*Exercise*
Copy each line containing the word "along" from the records that follow, please.

=== Begin Enclosure ===

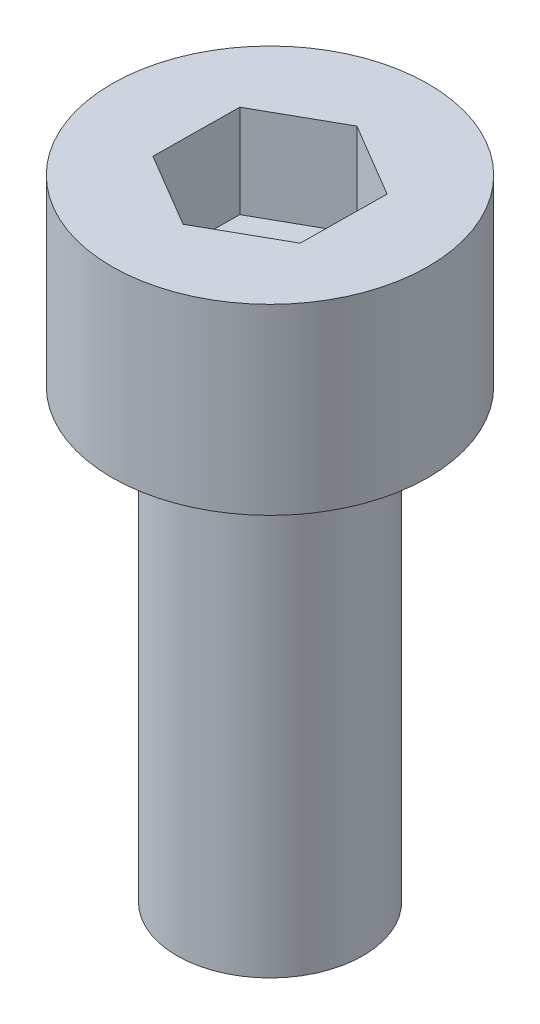
SolidWorks part; units mm, degrees
ref_plane "前视基准面" through (0, 0, 0) normal (0, 0, 1) x (1, 0, 0)
ref_plane "上视基准面" through (0, 0, 0) normal (0, 1, 0) x (1, 0, 0)
ref_plane "右视基准面" through (0, 0, 0) normal (1, 0, 0) x (0, 0, -1)
sketch "草图1" plane through (0, 0, 0) normal (0, 1, 0) x (1, 0, 0)
  circle A0 centre (0, 0) radius 2.5
  dimension "D1" = 5
extrude "凸台-拉伸1" add sketch "草图1" along normal blind 12
sketch "草图2" plane through (0, 12, 0) normal (0, 1, 0) x (1, 0, 0)
  circle A0 centre (0, 0) radius 4.25
  dimension "D1" = 8.5
extrude "凸台-拉伸2" add sketch "草图2" along normal blind 4.91
sketch "草图3" plane through (0, 16.91, 0) normal (0, 1, 0) x (1, 0, 0)
  line L1 (1.9872, -1.1765) -> (2.0125, 1.1327)
  line L2 (2.0125, 1.1327) -> (0.0253, 2.3093)
  line L3 (0.0253, 2.3093) -> (-1.9872, 1.1765)
  line L4 (-1.9872, 1.1765) -> (-2.0125, -1.1327)
  line L5 (-2.0125, -1.1327) -> (-0.0253, -2.3093)
  line L6 (-0.0253, -2.3093) -> (1.9872, -1.1765)
  circle A0 centre (0, 0) radius 2 construction
  dimension "D1" = 4
extrude "切除-拉伸1" cut sketch "草图3" against normal blind 2.5

=== End Enclosure ===

*Output for this exercise*
extrude "凸台-拉伸1" add sketch "草图1" along normal blind 12
extrude "凸台-拉伸2" add sketch "草图2" along normal blind 4.91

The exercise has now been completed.